## EXERCISE
Nothing but a number is wanted here: the tally of lines in the material below that include "ezdxf".
-*-
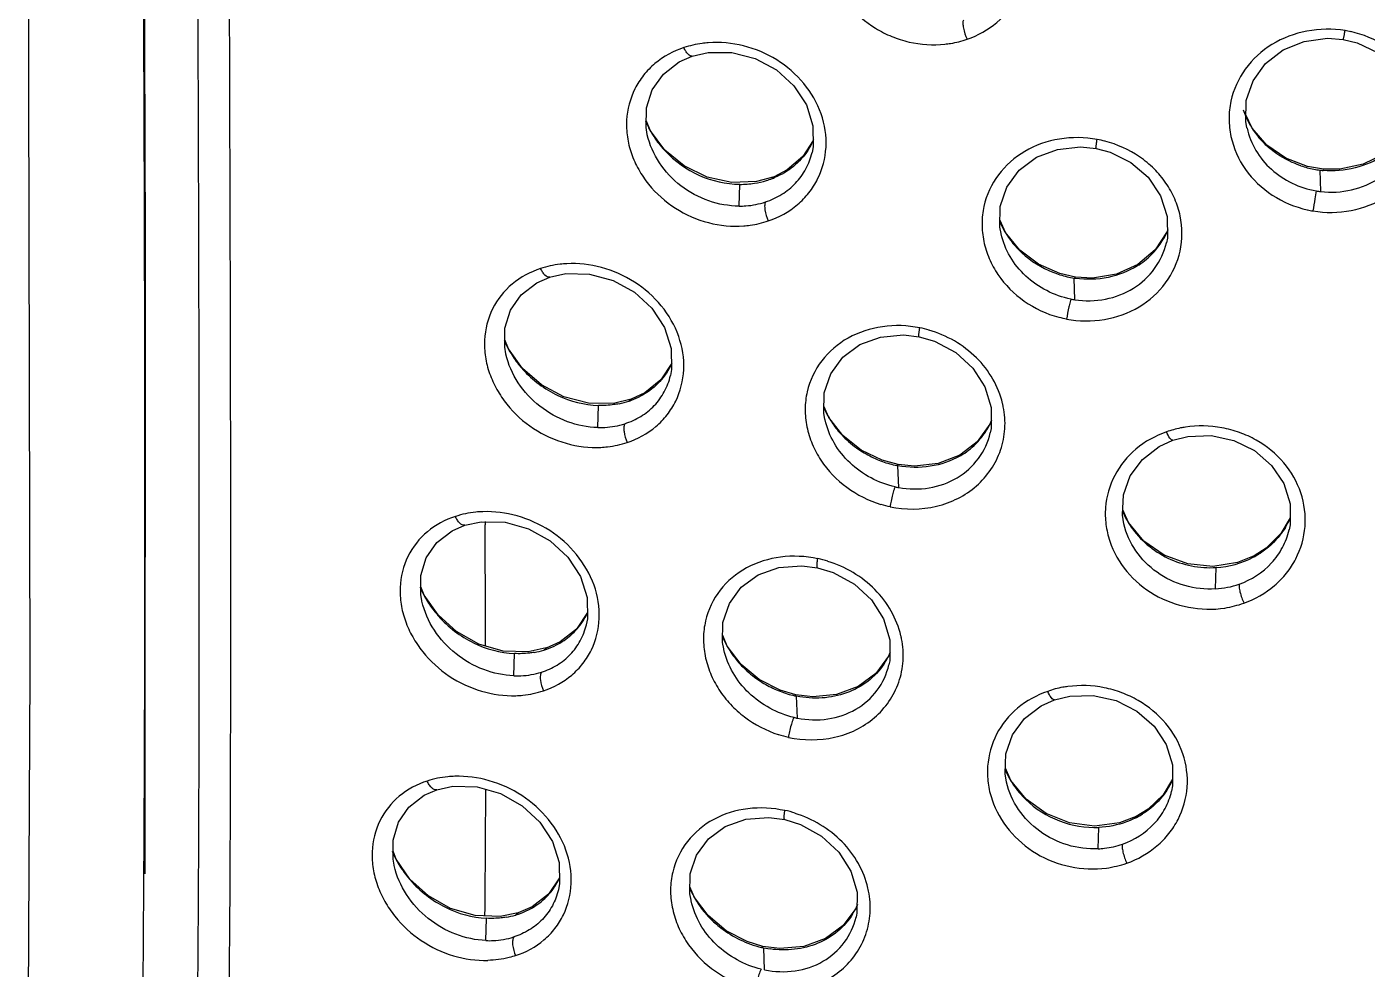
# Model space of a CAD drawing. Header units: millimetres. Extents: x 789 to 1209, y 393 to 987.
# Drawn here: x 937.43 to 957.42, y 894.73 to 908.79 of the extents above; entities that cross this region are included whole.
import ezdxf

# ---------------------------------------------------------------- set-up
doc = ezdxf.new("R2010")
doc.units = ezdxf.units.MM
doc.header["$LTSCALE"] = 0.1

msp = doc.modelspace()

# ---------------------------------------------------------------- linework, layer by layer
at = {"color": 7, "linetype": 'Continuous'}
for p, q in [((947.3549, 908.3515), (947.3549, 908.3515)), ((946.7288, 907.2403), (946.6671, 907.3913)), ((955.7033, 907.2801), (955.611, 907.4748)), ((946.6836, 907.1805), (946.6834, 907.1814)), ((946.9465, 906.9509), (946.7288, 907.2403)), ((955.6256, 907.2818), (955.6265, 907.2775)), ((949.1554, 907.0923), (949.0024, 906.8542)), ((948.5749, 906.5539), (948.3141, 906.4803)), ((948.5454, 906.5252), (948.5749, 906.5539)), ((956.7654, 906.6646), (956.5283, 906.7049)), ((956.7274, 906.3318), (956.7175, 906.6512)), ((956.7622, 906.6465), (956.7654, 906.6646)), ((948.3141, 906.4803), (947.9432, 906.4663)), ((948.0538, 906.1144), (948.0619, 906.4396)), ((952.0259, 905.7208), (951.9435, 905.9028)), ((951.9601, 905.7004), (951.9586, 905.7071)), ((954.4255, 905.5687), (954.4265, 905.5732)), ((945.2274, 905.0553), (945.2273, 905.0553)), ((953.0707, 905.0555), (952.8353, 905.1086)), ((953.0593, 904.7182), (953.0486, 905.0404)), ((953.0596, 905.0387), (953.0707, 905.0555)), ((944.6117, 903.9859), (944.559, 904.119)), ((944.8237, 903.6929), (944.6117, 903.9859)), ((944.5757, 903.9064), (944.5749, 903.9102)), ((947.049, 903.7723), (946.8845, 903.5251)), ((946.8845, 903.5251), (946.6457, 903.3305)), ((946.6457, 903.3305), (946.4438, 903.2355)), ((946.178, 903.1723), (945.8061, 903.1741)), ((945.9459, 902.8118), (945.9539, 903.1407)), ((946.4438, 903.2355), (946.178, 903.1723)), ((946.4092, 903.2055), (946.4438, 903.2355)), ((949.3918, 902.9627), (949.3183, 903.1315)), ((949.3355, 902.9249), (949.3334, 902.934)), ((951.7919, 902.8601), (951.6044, 902.6006)), ((951.8113, 902.9124), (951.7919, 902.8601)), ((951.7986, 902.7321), (951.7996, 902.7365)), ((951.6044, 902.6006), (951.3434, 902.4009)), ((950.4233, 902.26), (950.1879, 902.3232)), ((950.4326, 901.9162), (950.4213, 902.2417)), ((939.1911, 900.015), (939.1922, 901.5442)), ((953.8587, 901.3935), (953.7728, 901.5849)), ((943.962, 901.3557), (943.9619, 901.3557)), ((944.264, 901.4083), (944.2643, 901.3597)), ((953.7906, 901.3739), (953.7892, 901.3799)), ((956.2689, 901.4631), (956.1326, 901.2305)), ((956.1326, 901.2305), (955.9118, 901.0125)), ((956.2546, 901.2843), (956.2559, 901.29)), ((955.9118, 901.0125), (955.736, 900.9001)), ((955.4871, 900.7987), (955.1189, 900.7403)), ((955.1573, 900.4039), (955.1662, 900.7229)), ((955.736, 900.9001), (955.4871, 900.7987)), ((955.7203, 900.8768), (955.736, 900.9001)), ((943.3537, 900.3121), (943.3063, 900.4383)), ((943.3233, 900.2202), (943.322, 900.2262)), ((943.5622, 900.0172), (943.3537, 900.3121)), ((945.7928, 900.0522), (945.6267, 899.8068)), ((945.6267, 899.8068), (945.3847, 899.6156)), ((945.1776, 899.5235), (944.9085, 899.4666)), ((945.1397, 899.4928), (945.1776, 899.5234)), ((945.3847, 899.6156), (945.1776, 899.5234)), ((947.8762, 899.5503), (947.8083, 899.7099)), ((948.0809, 899.2786), (947.8762, 899.5503)), ((944.9085, 899.4666), (944.5359, 899.478)), ((944.6931, 899.1081), (944.7009, 899.4395)), ((947.8258, 899.5009), (947.8234, 899.5117)), ((950.2996, 899.4522), (950.2799, 899.3995)), ((950.2872, 899.2719), (950.2882, 899.2763)), ((948.8996, 898.8255), (948.6639, 898.8948)), ((949.1498, 898.7956), (948.8996, 898.8255)), ((948.9215, 898.4765), (948.9098, 898.8045)), ((952.1035, 897.5482), (952.023, 897.7316)), ((952.0404, 897.5207), (952.0394, 897.5253)), ((954.5176, 897.5667), (954.3774, 897.3326)), ((943.5432, 897.4086), (943.5431, 897.4086)), ((954.3774, 897.3326), (954.154, 897.1187)), ((954.5033, 897.3888), (954.505, 897.3957)), ((953.9746, 897.0091), (953.7233, 896.9139)), ((953.9558, 896.9844), (953.9746, 897.0091)), ((954.154, 897.1187), (953.9746, 897.0091)), ((953.7233, 896.9139), (953.3545, 896.8656)), ((953.4079, 896.5275), (953.4166, 896.8472)), ((942.9367, 896.3731), (942.8912, 896.4947)), ((943.1439, 896.0775), (942.9367, 896.3731)), ((942.9083, 896.2767), (942.9068, 896.2835)), ((945.3762, 896.097), (945.2093, 895.8522)), ((945.3605, 895.9271), (945.3579, 895.9154)), ((947.3863, 895.8039), (947.3201, 895.9604)), ((945.2093, 895.8522), (944.9661, 895.6622)), ((947.3377, 895.7507), (947.3352, 895.762)), ((947.5897, 895.5312), (947.3863, 895.8039)), ((944.4869, 895.5165), (944.1142, 895.5313)), ((944.7571, 895.5711), (944.4869, 895.5165)), ((944.7181, 895.5403), (944.7571, 895.5711)), ((944.9661, 895.6622), (944.7571, 895.5711)), ((949.8108, 895.6902), (949.7911, 895.6378)), ((944.2776, 895.1587), (944.2854, 895.4908)), ((949.7984, 895.51), (949.7994, 895.5144)), ((948.3854, 895.058), (948.4064, 895.0721)), ((948.6584, 895.04), (948.4064, 895.0721)), ((948.4329, 894.7212), (948.421, 895.05))]:
    msp.add_line(p, q, dxfattribs=at)
for points in [[(937.4582, 916.2012), (937.4547, 907.9405), (937.4759, 899.166), (937.4299, 890.3724)], [(939.1606, 915.8221), (939.195, 905.5983), (939.1882, 896.1565)], [(955.6261, 907.282), (955.6091, 907.3776), (955.6152, 907.6885), (955.7174, 907.9836), (955.905, 908.2431), (956.1653, 908.4445), (956.4816, 908.5718), (956.826, 908.6178), (957.0618, 908.5997)], [(957.0618, 908.5997), (957.2679, 908.5488), (957.5711, 908.4062), (957.8263, 908.1952), (958.0091, 907.9272), (958.1061, 907.6217), (958.1084, 907.3031), (958.0941, 907.2292)], [(946.6834, 907.1814), (946.6653, 907.2885), (946.6704, 907.5794), (946.7576, 907.8507), (946.9241, 908.0845), (947.1604, 908.2655), (947.3549, 908.3515)], [(947.3549, 908.3515), (947.5894, 908.4049), (947.9444, 908.404), (948.2922, 908.3155), (948.6081, 908.1456), (948.8683, 907.9101), (949.0556, 907.6265), (949.1533, 907.3148), (949.1563, 906.9998), (949.1405, 906.9157)], [(958.1105, 907.4049), (957.9321, 907.1231), (957.6769, 906.8947), (957.3606, 906.7387), (957.0092, 906.6648), (956.7654, 906.6646)], [(956.5283, 906.7049), (956.2042, 906.8301), (955.9217, 907.0258), (955.7033, 907.2801)], [(947.9432, 906.4663), (947.5747, 906.5465), (947.2341, 906.7136), (946.9465, 906.9509)], [(951.9586, 905.7071), (951.9418, 905.8018), (951.947, 906.1084), (952.0464, 906.3974), (952.2302, 906.6494), (952.4863, 906.8426), (952.7993, 906.9615), (953.1415, 906.9992), (953.3759, 906.9759)], [(953.3759, 906.9759), (953.5881, 906.9186), (953.8953, 906.7663), (954.1538, 906.5461), (954.3387, 906.2702), (954.437, 905.9589), (954.4391, 905.6383), (954.4255, 905.5686)], [(949.0024, 906.8542), (948.7689, 906.6537), (948.5749, 906.5539)], [(952.8353, 905.1086), (952.5158, 905.2499), (952.2389, 905.4581), (952.0259, 905.7208)], [(954.4387, 905.7368), (954.2579, 905.461), (953.9997, 905.2428), (953.6782, 905.1), (953.3206, 905.0425), (953.0707, 905.0555)], [(944.5749, 903.9102), (944.558, 904.0087), (944.5605, 904.296), (944.6435, 904.5636), (944.8047, 904.7936), (945.0355, 904.9712), (945.2274, 905.0553)], [(945.2273, 905.0553), (945.4663, 905.1077), (945.8235, 905.1021), (946.1736, 905.0077), (946.4914, 904.8318), (946.7533, 904.5913), (946.9418, 904.304), (947.0406, 903.9906), (947.0452, 903.6761), (947.0288, 903.5881)], [(949.3334, 902.934), (949.3167, 903.0287), (949.3214, 903.3312), (949.4187, 903.6151), (949.5994, 903.8613), (949.8521, 904.0484), (950.1625, 904.1613), (950.5038, 904.1929), (950.739, 904.1654)], [(950.739, 904.1654), (950.9683, 904.098), (951.2821, 903.9315), (951.5392, 903.6999), (951.7185, 903.4184), (951.8115, 903.109), (951.8113, 902.7961), (951.7986, 902.7321)], [(945.8061, 903.1741), (945.4404, 903.2689), (945.1052, 903.4477), (944.8237, 903.6929)], [(950.1879, 902.3232), (949.8719, 902.4769), (949.5997, 902.6942), (949.3918, 902.9627)], [(953.7906, 901.3739), (953.7692, 901.5057), (953.7829, 901.8077), (953.8835, 902.0915), (954.0666, 902.3375), (954.3193, 902.5296), (954.5215, 902.6216)], [(954.5215, 902.6216), (954.7427, 902.678), (955.0902, 902.6909), (955.4311, 902.6196), (955.74, 902.4679), (955.9937, 902.2482), (956.1753, 901.9777), (956.2689, 901.675), (956.2689, 901.3621), (956.2541, 901.2845)], [(951.3434, 902.4009), (951.0229, 902.2766), (950.6689, 902.2364), (950.4233, 902.26)], [(943.322, 900.2262), (943.3059, 900.3193), (943.3069, 900.6042), (943.3872, 900.8695), (943.5451, 901.0972), (943.772, 901.2726), (943.962, 901.3557)], [(943.9619, 901.3557), (944.2035, 901.4075), (944.5621, 901.3993), (944.9135, 901.3014), (945.2328, 901.122), (945.4958, 900.8785), (945.6851, 900.5891), (945.7847, 900.2747), (945.7906, 899.9608), (945.7738, 899.8696)], [(955.1189, 900.7403), (954.7448, 900.7779), (954.3924, 900.9087), (954.0903, 901.1192), (953.8587, 901.3935)], [(947.8234, 899.5117), (947.8069, 899.6057), (947.8111, 899.9057), (947.9069, 900.1866), (948.0856, 900.4295), (948.3362, 900.6131), (948.6452, 900.7227), (948.9863, 900.7508), (949.223, 900.7206)], [(949.223, 900.7206), (949.4562, 900.6491), (949.7713, 900.4774), (950.0285, 900.2415), (950.2075, 899.957), (950.3, 899.646), (950.2994, 899.333), (950.2872, 899.2719)], [(944.5359, 899.478), (944.1719, 899.5816), (943.84, 899.7674), (943.5622, 900.0172)], [(950.2799, 899.3995), (950.0919, 899.143), (949.8299, 898.9475), (949.5073, 898.8287), (949.1498, 898.7956)], [(948.6639, 898.8948), (948.35, 899.0558), (948.0809, 899.2786)], [(952.0404, 897.5207), (952.0197, 897.6471), (952.0314, 897.9468), (952.1289, 898.2276), (952.3083, 898.4706), (952.5574, 898.66), (952.7579, 898.7504)], [(952.7579, 898.7504), (952.9823, 898.8059), (953.3317, 898.8154), (953.6743, 898.7398), (953.9849, 898.5836), (954.2402, 898.3598), (954.4232, 898.0857), (954.5175, 897.7802), (954.5176, 897.4662), (954.5029, 897.389)], [(953.3545, 896.8656), (952.9814, 896.9131), (952.6312, 897.0526), (952.3321, 897.2697), (952.1035, 897.5482)], [(942.9068, 896.2835), (942.891, 896.3749), (942.8915, 896.6593), (942.9711, 896.924), (943.1279, 897.1511), (943.3537, 897.3259), (943.5432, 897.4086)], [(943.5431, 897.4086), (943.7854, 897.4601), (944.1443, 897.4508), (944.496, 897.3518), (944.8155, 897.1712), (945.0788, 896.9268), (945.2684, 896.6368), (945.3684, 896.3223), (945.3749, 896.0086), (945.3579, 895.9154)], [(947.3352, 895.762), (947.3187, 895.8562), (947.3228, 896.1554), (947.4182, 896.4354), (947.5963, 896.6771), (947.8462, 896.8597), (948.1547, 896.9682), (948.4959, 896.9951), (948.7332, 896.9638)], [(948.7332, 896.9638), (948.9677, 896.8909), (949.2831, 896.7174), (949.5402, 896.4802), (949.7189, 896.1947), (949.8113, 895.8833), (949.8105, 895.5703), (949.7985, 895.51)], [(944.1142, 895.5313), (943.7509, 895.6379), (943.4203, 895.8261), (943.1439, 896.0775)], [(948.4064, 895.0721), (948.1708, 895.1434), (947.8577, 895.3067), (947.5897, 895.5312)], [(949.7911, 895.6378), (949.603, 895.3822), (949.3406, 895.1879), (949.0172, 895.0707), (948.6584, 895.04)]]:
    msp.add_lwpolyline(points, dxfattribs=at)
for centre, radius, start, end in [((956.826, 907.1321), 1.6223, 77.61343, 80.60859), ((956.7706, 907.9555), 1.2658, 198.6897, 203.39322), ((947.9293, 907.9127), 1.3779, 202.51356, 203.67006), ((947.9632, 907.9282), 1.4151, 203.69372, 210.52168), ((956.7797, 907.9594), 1.2757, 203.39179, 207.5957), ((956.7814, 907.9602), 1.2776, 207.59507, 210.31446), ((947.9857, 907.941), 1.441, 210.504, 212.26473), ((948.0485, 907.9829), 1.5165, 212.33916, 221.57092), ((956.7824, 907.9609), 1.2788, 210.31657, 215.01746), ((956.7834, 907.9621), 1.2803, 215.03669, 225.33746), ((948.1011, 908.0274), 1.5854, 221.51266, 223.31515), ((948.1922, 907.5283), 1.0608, 326.70576, 336.7545), ((953.0894, 905.4846), 1.6531, 75.27344, 79.41529), ((956.8217, 908.0013), 1.3352, 225.35229, 229.16081), ((956.8951, 908.0862), 1.4461, 251.30704, 259.11679), ((948.0954, 907.6957), 1.254, 286.87399, 291.02455), ((948.102, 907.6785), 1.2356, 291.02534, 292.88235), ((956.8868, 908.0453), 1.4043, 259.13479, 263.07701), ((956.8842, 908.0258), 1.3846, 263.08503, 263.70055), ((956.8833, 908.0175), 1.3763, 263.69992, 264.94245), ((948.0772, 907.7811), 1.3415, 269.34723, 278.71303), ((948.0835, 907.7368), 1.2968, 278.73348, 286.84964), ((956.8795, 907.63), 1.307, 260.24684, 263.3158), ((956.8768, 907.6136), 1.5932, 257.31069, 260.389), ((953.1808, 906.4127), 1.3489, 202.79264, 205.26991), ((953.178, 906.4114), 1.3459, 205.2682, 210.30325), ((953.1679, 906.4055), 1.3341, 210.30544, 213.41643), ((953.3695, 906.2237), 1.1759, 331.68185, 337.14804), ((953.1723, 906.4099), 1.3403, 213.46966, 222.96761), ((953.3511, 906.234), 1.197, 322.36307, 327.7233), ((953.357, 906.2303), 1.19, 327.72432, 331.68629), ((953.2296, 906.4626), 1.4181, 222.94804, 227.34521), ((953.3681, 906.2184), 1.1739, 303.54778, 317.02649), ((953.3535, 906.2321), 1.1939, 317.02388, 322.36475), ((953.2898, 906.5165), 1.496, 248.15738, 256.59567), ((953.3645, 906.226), 1.1822, 302.19551, 303.49185), ((953.2719, 906.4447), 1.422, 256.6277, 260.96461), ((953.2667, 906.4144), 1.3912, 260.97883, 261.43614), ((953.2665, 906.4127), 1.3895, 261.43376, 261.88319), ((953.2596, 906.0317), 1.3286, 258.75411, 261.32408), ((953.2427, 906.0233), 1.6206, 254.87552, 259.13335), ((950.412, 902.6557), 1.6793, 73.60125, 78.4623), ((945.8843, 904.6717), 1.4475, 202.57645, 209.54073), ((945.9138, 904.6877), 1.481, 209.51524, 210.42026), ((945.9185, 904.6905), 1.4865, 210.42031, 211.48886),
-*-
## EXERCISE OUTPUT
3